Data for review Start Marker
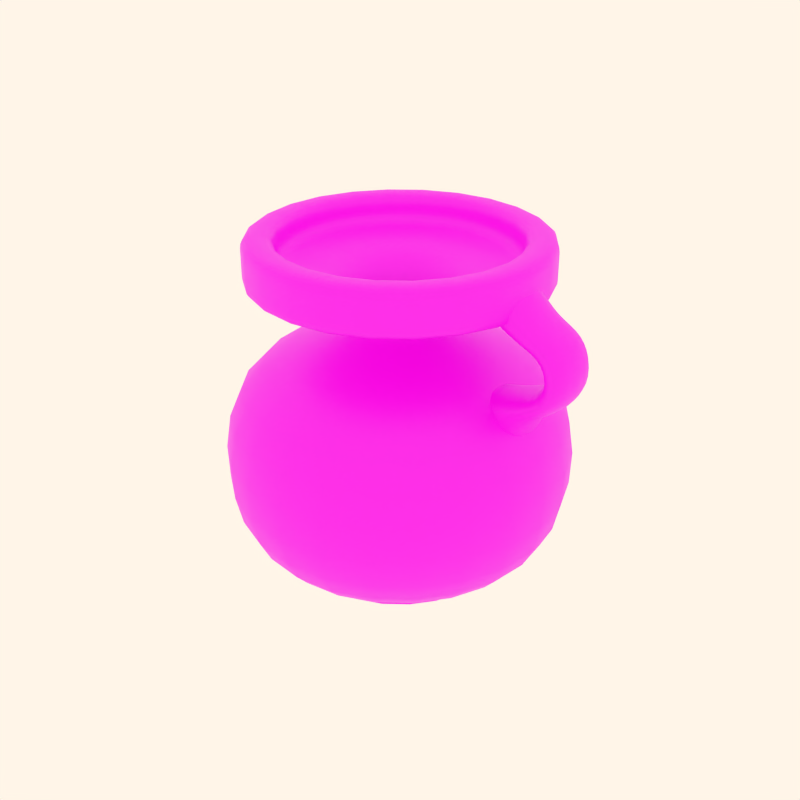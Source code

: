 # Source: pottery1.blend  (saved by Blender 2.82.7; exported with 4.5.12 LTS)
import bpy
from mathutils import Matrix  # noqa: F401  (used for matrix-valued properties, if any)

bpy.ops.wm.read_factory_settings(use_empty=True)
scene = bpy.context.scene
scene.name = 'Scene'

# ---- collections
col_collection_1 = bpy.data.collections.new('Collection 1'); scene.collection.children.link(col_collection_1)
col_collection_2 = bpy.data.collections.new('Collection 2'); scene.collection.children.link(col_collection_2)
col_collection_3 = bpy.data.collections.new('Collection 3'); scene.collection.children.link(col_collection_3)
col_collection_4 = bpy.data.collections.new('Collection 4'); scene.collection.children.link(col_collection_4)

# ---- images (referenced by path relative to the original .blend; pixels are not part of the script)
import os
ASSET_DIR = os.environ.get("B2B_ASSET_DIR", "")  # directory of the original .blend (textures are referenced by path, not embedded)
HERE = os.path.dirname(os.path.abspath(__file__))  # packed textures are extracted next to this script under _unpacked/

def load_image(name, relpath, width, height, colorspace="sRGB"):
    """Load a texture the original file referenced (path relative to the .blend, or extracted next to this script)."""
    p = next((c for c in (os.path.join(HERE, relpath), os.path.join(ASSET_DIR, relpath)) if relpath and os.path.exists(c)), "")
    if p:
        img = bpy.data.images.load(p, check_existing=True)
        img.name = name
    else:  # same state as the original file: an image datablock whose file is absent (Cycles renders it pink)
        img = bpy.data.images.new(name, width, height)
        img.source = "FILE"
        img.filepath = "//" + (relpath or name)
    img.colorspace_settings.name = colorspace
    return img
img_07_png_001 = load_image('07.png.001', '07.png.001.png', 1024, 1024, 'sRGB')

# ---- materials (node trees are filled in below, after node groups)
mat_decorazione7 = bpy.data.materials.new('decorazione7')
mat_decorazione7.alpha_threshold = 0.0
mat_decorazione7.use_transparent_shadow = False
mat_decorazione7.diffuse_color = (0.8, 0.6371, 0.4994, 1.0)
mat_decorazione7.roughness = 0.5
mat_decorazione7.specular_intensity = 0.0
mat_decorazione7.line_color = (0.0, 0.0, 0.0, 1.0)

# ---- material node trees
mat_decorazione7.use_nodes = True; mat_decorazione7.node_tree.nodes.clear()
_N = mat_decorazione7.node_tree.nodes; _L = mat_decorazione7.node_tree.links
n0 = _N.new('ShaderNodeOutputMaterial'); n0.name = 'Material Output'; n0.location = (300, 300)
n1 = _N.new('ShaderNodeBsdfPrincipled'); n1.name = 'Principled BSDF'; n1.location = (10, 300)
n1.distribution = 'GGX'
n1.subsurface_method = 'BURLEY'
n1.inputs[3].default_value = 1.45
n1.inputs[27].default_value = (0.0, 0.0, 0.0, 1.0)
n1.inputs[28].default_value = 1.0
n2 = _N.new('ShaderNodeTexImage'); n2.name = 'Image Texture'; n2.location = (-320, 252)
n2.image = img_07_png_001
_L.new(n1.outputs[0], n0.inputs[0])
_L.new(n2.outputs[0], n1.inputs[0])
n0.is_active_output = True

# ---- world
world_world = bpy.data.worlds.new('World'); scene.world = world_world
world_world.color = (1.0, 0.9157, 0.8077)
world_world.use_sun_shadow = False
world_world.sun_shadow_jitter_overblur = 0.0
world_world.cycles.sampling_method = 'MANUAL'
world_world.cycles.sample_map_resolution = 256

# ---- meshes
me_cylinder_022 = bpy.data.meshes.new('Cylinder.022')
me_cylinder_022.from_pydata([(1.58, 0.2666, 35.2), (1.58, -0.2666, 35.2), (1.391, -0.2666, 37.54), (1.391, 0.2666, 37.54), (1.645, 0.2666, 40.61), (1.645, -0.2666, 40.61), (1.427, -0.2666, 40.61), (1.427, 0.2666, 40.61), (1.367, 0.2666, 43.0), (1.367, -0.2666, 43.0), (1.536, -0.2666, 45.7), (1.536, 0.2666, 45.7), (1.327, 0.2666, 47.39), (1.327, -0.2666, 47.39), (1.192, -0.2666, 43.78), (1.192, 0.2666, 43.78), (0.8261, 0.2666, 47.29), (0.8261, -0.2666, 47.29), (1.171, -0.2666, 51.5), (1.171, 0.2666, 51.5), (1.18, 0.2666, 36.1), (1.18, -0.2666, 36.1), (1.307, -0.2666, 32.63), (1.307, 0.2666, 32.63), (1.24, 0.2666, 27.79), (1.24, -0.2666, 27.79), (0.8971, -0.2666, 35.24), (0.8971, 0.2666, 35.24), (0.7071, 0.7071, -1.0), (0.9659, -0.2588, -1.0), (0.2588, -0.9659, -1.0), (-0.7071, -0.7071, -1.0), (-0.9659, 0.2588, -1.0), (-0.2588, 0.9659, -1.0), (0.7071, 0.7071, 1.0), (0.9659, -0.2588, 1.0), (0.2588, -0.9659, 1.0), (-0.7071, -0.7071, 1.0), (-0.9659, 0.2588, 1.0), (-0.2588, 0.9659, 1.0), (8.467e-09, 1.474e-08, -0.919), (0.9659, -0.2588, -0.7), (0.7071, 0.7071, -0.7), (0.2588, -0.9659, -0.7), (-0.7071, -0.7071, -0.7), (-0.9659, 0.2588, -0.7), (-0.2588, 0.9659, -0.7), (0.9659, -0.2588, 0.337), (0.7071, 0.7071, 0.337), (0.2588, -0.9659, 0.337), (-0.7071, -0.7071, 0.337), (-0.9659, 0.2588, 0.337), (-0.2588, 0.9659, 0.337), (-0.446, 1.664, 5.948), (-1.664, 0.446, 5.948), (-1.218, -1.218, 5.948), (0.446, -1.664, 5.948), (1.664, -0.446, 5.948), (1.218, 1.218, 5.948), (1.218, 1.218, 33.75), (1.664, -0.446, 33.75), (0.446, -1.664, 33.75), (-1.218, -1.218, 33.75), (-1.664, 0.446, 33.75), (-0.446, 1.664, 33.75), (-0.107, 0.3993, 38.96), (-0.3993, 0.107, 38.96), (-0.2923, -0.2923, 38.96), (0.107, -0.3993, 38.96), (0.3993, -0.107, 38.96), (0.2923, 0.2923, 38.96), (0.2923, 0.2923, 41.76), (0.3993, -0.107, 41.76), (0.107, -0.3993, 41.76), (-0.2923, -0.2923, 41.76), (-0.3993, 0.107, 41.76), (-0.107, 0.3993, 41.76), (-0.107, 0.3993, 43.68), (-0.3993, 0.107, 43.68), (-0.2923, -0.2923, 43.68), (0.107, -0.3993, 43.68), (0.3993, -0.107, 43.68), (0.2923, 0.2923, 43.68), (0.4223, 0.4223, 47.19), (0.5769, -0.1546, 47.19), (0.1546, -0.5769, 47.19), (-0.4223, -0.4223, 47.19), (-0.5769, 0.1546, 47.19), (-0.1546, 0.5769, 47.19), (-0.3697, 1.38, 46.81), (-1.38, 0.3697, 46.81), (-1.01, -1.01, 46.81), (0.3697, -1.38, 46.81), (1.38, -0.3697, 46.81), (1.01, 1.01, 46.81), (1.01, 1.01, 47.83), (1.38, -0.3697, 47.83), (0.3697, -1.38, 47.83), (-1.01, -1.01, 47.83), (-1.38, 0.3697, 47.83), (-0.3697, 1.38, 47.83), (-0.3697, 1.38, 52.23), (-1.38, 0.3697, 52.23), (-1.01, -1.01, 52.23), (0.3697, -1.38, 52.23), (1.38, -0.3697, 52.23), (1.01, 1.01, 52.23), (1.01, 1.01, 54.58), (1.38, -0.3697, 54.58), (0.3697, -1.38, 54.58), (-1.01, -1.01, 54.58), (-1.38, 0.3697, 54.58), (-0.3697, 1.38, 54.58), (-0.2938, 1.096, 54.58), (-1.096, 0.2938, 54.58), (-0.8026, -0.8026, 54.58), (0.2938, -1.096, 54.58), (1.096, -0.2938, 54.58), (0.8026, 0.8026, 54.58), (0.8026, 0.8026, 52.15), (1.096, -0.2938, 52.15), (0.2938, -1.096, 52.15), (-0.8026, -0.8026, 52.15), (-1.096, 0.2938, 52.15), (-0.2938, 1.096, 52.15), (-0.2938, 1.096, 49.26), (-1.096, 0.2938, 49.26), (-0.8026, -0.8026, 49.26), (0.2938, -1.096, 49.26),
Data for review End Marker
### Your goal
Pictures are to be omitted; otherwise, every line from the first line of the listing through the line containing "# ---- collections" must be reproduced exactly, both ends included.

### Answer to the problem
Source code

: # Source: pottery1.blend  (saved by Blender 2.82.7; exported with 4.5.12 LTS)
import bpy
from mathutils import Matrix  # noqa: F401  (used for matrix-valued properties, if any)

bpy.ops.wm.read_factory_settings(use_empty=True)
scene = bpy.context.scene
scene.name = 'Scene'

# ---- collections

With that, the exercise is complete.